It’s hard to believe, but I’m at the halfway point of the semester already. As part of my training, I’ve been taking Shimer College’s Natural Sciences 1, The Laws and Models of Chemistry. It seems unlikely that I’ll be teaching it any time soon, but I wanted to see how Shimer’s Great Books approach works with a hard science class — and so far, I think it has much to recommend it.
Basically, it seems that the trade-off compared to a traditional science course is that you get a lot less information about the current state of science and a lot less practice in the technical ins-and-outs of skills like balancing chemical equations, operating lab equipment, etc. — but you get a lot better understanding of the problems scientists (both pre-modern and modern) have grappled with in trying to get some kind of handle of “what stuff is made of” and a much more vivid grasp of the basic principles that are discussed.
For instance, I probably read in a textbook at some point that, all things being equal, the pressure of a fluid depends on height (e.g., the “inches of mercury” in a barometer) — but really grappling through the text in which Pascal presents his experiments demontrasting it for the first time, and seeing it confirmed in lab, is a different thing altogether. It was exciting to feel like I’d actually figured it out for myself rather than memorized it.
The pedagogical obstacle of doing historical texts is that students are always going to want to compare their achievements with what “we now know.” I keep questioning who this “we” is — I did well in high school chemistry, but I’ve been taken by surprise more than once already — and also find that this kind of teleological reading (seemingly inevitable in “history of science” narratives as popularly understood) is a serious obstacle to the kind of sympathetic reading the Shimer method depends on, because it’s inherently a matter of judging the argument from without rather than grappling with it from within.
To that extent, I’ve felt that I was actually in an advantageous position where I’ve actually been ignorant — for instance, I didn’t realize that Bacon’s explanation of heat as motion in The New Organon is now considered basically “right” and so was able to view it as what he probably intended it to be, namely, his first best guess and a rough-and-ready demonstration of his inductive method. And I could then see how Lavoisier’s explanation of heat as a type of fluid even more “subtle” than air could seem much more convincing. The instructor promises that we’re going to work on fluid-centric explanations (including an essay on phlogiston that is notorious among the students) for the next two weeks before finally breaking into something closer to the “real” explanation.
One could say this is a waste of time, puzzling over “wrong” accounts. And if you just want to transmit a body of technical know-how — which is, I should hasten to say, a worthy goal — it is.
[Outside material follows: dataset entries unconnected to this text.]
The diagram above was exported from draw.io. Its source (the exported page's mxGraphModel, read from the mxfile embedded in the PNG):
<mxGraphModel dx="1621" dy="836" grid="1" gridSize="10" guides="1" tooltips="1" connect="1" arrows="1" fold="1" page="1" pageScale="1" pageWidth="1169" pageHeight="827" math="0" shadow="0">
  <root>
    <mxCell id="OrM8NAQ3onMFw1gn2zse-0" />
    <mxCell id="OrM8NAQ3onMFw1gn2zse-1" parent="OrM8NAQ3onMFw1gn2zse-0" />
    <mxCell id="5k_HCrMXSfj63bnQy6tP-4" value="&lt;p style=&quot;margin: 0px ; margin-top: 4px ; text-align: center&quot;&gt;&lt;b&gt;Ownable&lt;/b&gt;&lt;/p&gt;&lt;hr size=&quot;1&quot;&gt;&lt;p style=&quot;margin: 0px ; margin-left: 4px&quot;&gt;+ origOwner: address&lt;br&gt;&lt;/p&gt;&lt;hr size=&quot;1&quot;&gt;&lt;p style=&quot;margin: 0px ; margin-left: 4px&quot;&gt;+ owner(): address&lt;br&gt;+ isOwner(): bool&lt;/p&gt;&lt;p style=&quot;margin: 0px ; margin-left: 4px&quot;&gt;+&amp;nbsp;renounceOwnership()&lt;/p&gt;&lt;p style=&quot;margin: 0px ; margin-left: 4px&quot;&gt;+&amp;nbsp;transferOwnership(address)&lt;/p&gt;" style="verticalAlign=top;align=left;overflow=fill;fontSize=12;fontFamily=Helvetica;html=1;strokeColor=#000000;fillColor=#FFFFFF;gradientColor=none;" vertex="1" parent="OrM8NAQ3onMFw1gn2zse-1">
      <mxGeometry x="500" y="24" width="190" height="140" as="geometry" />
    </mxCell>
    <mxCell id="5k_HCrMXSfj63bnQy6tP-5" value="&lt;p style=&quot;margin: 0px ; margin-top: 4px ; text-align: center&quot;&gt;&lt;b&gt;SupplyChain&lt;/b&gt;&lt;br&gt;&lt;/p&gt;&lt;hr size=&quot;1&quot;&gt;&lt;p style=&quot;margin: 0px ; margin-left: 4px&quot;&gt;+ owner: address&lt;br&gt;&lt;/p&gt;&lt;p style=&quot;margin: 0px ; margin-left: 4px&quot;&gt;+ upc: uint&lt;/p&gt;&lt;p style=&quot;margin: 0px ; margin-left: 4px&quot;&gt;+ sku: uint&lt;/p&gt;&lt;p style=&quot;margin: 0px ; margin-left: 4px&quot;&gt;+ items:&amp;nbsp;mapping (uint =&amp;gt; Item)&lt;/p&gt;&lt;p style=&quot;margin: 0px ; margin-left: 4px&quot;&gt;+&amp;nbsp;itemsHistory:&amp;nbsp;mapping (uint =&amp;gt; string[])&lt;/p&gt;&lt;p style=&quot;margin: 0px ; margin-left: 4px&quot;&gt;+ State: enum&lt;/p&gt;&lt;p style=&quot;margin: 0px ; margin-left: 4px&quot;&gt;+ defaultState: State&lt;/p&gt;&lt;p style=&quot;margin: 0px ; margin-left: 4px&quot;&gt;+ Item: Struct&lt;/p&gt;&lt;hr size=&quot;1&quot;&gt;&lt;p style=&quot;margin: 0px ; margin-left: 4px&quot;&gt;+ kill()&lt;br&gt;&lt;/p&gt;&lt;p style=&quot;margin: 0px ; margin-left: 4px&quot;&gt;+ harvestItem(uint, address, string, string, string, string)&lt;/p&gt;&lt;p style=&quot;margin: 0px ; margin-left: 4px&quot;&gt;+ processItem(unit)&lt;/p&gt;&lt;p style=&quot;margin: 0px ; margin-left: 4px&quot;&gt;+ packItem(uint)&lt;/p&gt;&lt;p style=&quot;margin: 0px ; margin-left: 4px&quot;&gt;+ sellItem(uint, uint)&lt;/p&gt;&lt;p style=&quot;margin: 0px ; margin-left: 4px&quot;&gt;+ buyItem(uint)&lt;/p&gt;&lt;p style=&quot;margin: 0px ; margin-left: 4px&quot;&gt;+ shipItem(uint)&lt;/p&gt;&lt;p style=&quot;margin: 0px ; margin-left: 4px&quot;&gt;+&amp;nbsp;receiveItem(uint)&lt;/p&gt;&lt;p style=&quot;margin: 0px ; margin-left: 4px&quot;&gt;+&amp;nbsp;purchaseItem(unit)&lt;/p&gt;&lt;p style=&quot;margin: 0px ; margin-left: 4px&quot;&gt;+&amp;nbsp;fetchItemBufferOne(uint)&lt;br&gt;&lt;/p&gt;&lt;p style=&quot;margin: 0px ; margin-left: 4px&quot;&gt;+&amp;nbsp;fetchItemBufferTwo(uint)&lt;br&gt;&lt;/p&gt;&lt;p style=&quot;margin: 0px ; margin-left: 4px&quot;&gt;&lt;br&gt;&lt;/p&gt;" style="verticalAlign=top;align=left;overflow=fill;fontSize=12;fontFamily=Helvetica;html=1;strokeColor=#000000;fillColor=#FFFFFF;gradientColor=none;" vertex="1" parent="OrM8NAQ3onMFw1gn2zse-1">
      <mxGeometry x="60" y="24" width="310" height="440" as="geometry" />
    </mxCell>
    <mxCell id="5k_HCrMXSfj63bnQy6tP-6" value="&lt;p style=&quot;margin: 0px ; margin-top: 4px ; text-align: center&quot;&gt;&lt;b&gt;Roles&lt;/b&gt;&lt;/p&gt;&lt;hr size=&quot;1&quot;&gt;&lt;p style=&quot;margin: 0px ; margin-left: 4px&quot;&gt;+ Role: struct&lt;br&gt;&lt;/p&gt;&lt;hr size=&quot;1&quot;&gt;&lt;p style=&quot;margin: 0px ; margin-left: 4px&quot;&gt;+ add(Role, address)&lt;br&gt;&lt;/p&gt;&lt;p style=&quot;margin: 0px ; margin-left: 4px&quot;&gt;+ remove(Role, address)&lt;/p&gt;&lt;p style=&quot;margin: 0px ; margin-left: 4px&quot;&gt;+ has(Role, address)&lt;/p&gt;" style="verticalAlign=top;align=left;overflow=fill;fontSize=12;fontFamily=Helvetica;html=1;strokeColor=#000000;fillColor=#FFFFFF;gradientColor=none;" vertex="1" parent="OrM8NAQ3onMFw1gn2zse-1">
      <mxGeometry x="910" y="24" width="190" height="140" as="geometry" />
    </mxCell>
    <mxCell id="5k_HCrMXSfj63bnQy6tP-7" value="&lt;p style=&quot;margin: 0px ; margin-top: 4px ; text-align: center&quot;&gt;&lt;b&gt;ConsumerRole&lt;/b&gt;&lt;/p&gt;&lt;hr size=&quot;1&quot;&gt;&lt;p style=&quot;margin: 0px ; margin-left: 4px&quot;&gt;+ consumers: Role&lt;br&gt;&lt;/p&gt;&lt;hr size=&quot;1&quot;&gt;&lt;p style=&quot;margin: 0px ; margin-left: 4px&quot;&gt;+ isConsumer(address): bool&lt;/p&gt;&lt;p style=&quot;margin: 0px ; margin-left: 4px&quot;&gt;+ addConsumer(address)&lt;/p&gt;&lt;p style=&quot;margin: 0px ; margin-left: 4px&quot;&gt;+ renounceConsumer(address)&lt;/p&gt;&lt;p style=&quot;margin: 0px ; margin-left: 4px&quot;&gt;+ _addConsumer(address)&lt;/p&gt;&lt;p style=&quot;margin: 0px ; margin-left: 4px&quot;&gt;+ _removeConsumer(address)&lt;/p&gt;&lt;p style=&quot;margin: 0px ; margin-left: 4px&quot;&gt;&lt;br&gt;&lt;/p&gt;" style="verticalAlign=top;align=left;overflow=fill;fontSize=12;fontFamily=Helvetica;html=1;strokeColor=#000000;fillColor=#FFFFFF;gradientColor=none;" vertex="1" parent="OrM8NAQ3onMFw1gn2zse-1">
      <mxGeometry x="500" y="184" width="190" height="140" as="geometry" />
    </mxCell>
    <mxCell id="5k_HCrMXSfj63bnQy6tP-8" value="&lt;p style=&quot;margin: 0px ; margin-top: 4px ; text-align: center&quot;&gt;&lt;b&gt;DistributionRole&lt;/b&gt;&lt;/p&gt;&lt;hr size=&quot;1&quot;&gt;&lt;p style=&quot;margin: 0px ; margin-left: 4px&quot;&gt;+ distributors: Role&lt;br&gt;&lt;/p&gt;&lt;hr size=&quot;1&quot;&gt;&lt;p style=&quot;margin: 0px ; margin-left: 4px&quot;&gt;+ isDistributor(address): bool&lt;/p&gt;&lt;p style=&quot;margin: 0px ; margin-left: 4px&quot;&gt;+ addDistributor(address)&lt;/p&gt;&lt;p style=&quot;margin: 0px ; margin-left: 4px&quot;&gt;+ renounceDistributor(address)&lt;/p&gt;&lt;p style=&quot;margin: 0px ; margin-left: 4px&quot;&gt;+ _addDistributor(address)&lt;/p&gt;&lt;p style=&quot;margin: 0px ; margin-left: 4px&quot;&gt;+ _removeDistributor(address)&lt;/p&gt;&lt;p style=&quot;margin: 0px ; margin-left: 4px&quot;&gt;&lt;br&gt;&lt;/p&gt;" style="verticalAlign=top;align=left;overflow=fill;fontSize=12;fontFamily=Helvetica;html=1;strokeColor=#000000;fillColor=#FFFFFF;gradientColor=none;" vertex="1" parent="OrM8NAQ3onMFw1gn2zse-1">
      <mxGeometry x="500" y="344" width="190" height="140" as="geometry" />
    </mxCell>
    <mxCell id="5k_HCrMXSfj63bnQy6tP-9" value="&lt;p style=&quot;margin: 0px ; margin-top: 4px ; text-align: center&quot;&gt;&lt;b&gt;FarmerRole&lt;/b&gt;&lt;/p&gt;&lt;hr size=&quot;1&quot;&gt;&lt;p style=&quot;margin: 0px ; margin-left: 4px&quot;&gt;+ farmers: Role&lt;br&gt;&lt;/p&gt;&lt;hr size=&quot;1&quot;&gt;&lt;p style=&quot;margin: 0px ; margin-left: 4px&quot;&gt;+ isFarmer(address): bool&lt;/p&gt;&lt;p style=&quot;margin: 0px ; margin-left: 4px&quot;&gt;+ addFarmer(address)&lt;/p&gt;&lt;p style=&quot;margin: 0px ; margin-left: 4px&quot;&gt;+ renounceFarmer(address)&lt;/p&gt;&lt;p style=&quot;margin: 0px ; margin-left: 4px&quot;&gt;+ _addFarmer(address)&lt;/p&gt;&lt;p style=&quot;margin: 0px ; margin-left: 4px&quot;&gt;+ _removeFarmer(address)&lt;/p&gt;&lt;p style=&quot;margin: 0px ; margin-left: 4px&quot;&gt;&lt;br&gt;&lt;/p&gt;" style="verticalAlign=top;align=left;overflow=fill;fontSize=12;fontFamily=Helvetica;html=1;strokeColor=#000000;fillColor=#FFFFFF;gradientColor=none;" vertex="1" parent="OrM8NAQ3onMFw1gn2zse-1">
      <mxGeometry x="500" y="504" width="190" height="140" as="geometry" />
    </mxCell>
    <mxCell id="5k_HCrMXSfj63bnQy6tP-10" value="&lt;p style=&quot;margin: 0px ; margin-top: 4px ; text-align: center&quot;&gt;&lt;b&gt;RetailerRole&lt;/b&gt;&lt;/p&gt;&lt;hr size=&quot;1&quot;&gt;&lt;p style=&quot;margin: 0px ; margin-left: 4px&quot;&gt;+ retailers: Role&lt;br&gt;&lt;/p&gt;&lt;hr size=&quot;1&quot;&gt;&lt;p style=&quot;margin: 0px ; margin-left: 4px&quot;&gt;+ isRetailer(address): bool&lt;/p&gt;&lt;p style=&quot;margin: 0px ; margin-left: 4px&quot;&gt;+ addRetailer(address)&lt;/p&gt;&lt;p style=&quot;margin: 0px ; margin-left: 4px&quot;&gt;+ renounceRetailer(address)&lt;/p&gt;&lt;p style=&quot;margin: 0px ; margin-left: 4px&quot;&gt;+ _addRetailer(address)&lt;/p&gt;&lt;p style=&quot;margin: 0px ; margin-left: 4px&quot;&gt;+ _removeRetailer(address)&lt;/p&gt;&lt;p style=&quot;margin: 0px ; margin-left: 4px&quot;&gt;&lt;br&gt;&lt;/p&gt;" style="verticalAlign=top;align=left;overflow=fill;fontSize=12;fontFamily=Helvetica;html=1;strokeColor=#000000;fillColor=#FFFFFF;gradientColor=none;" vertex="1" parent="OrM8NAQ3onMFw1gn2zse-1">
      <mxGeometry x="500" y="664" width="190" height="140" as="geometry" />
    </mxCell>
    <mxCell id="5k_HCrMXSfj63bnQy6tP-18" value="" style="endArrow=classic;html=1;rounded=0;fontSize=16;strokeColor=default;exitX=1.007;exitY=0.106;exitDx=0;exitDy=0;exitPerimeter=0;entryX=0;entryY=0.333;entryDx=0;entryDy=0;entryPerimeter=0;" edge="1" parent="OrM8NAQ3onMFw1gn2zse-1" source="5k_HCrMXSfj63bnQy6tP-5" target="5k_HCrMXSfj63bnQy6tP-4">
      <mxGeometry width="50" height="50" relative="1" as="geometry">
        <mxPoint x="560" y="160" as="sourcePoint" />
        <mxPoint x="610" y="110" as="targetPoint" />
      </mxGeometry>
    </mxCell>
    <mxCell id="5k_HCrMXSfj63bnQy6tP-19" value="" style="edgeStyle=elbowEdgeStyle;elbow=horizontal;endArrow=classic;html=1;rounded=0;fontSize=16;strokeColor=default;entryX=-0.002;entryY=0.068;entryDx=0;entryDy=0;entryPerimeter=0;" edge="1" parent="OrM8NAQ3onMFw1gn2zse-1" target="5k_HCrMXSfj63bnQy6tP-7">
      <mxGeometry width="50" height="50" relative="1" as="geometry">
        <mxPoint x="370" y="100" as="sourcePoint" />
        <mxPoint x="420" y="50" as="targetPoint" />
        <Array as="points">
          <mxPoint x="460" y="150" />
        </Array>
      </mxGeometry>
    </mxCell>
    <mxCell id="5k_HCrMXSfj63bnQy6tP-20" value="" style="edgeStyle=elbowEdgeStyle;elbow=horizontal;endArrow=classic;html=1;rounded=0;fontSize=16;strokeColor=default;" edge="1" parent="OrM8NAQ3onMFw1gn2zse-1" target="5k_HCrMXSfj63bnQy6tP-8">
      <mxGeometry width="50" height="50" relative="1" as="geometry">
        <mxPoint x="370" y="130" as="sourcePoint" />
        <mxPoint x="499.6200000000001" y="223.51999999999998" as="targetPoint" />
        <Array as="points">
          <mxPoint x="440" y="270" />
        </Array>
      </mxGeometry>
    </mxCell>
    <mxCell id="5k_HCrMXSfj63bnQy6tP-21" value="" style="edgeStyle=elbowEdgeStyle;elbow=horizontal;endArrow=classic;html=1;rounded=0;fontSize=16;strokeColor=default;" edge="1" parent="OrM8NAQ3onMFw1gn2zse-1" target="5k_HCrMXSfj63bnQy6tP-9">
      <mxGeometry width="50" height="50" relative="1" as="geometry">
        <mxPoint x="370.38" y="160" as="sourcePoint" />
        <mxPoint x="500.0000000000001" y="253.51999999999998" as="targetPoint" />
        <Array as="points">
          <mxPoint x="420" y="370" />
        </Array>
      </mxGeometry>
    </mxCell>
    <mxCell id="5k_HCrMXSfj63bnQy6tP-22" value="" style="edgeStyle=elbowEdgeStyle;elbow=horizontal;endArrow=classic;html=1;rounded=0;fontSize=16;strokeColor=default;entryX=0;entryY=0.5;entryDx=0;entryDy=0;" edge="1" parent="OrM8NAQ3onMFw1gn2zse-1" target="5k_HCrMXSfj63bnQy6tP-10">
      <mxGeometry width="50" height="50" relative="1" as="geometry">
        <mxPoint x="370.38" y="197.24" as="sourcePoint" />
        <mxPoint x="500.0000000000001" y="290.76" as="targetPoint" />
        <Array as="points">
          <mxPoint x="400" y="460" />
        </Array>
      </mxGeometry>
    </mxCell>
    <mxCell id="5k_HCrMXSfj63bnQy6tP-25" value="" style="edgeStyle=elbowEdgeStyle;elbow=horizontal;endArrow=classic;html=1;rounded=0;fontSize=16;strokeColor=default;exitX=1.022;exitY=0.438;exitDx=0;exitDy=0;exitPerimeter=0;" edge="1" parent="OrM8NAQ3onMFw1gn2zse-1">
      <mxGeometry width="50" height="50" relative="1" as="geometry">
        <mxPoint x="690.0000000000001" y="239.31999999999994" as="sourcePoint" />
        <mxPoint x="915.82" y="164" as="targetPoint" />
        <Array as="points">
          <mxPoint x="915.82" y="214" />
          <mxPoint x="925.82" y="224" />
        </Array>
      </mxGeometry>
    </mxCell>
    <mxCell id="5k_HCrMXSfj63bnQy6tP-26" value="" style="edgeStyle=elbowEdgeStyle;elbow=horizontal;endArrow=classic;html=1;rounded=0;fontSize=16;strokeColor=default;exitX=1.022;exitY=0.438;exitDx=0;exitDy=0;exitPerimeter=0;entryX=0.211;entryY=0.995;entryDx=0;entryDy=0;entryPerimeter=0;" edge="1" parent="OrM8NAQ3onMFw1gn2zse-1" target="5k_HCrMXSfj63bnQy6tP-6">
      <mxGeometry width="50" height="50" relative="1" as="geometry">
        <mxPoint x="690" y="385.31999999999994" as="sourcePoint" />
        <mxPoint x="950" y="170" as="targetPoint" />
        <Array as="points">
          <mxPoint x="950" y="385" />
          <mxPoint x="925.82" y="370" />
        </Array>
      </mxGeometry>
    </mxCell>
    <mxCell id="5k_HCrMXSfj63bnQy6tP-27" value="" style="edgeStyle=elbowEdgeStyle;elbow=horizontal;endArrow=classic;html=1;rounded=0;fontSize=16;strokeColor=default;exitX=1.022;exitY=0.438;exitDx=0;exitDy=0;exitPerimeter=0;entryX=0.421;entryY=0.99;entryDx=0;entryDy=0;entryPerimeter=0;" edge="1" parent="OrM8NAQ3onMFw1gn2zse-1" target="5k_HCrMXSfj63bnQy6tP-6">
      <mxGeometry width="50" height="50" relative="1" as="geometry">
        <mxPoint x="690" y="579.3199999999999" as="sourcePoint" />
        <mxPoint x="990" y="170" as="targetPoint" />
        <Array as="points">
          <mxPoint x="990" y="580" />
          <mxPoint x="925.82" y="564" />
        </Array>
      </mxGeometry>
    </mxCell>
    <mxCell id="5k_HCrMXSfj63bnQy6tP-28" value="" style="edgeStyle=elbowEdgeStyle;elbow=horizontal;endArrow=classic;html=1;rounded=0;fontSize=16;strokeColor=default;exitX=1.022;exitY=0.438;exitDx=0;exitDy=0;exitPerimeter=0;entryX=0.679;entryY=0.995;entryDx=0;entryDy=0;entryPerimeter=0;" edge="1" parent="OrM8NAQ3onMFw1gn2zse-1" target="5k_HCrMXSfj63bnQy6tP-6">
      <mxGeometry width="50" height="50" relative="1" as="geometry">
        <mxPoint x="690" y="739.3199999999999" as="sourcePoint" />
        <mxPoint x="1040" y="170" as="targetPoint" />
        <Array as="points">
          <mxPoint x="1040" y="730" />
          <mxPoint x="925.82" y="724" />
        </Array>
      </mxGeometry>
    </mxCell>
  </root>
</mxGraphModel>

But in terms of getting a feel for the sheer difficulty of the scientific enterprise, the fits and starts by which it proceeds, the provisional nature of explanations even after they’ve endured for a century, I think this kind of approach is incredibly valuable. It may constrain the number of scientific “facts” one has been exposed to (and briefly memorized), but it seems like it has the potential to produce a better, more productively skeptical view of what science is and does.
At the very least, I have difficulty believing that a student who has completed the Shimer natural science curriculum will thrill to the amazing discoveries surrounding which areas of the brain light up at various times, for instance.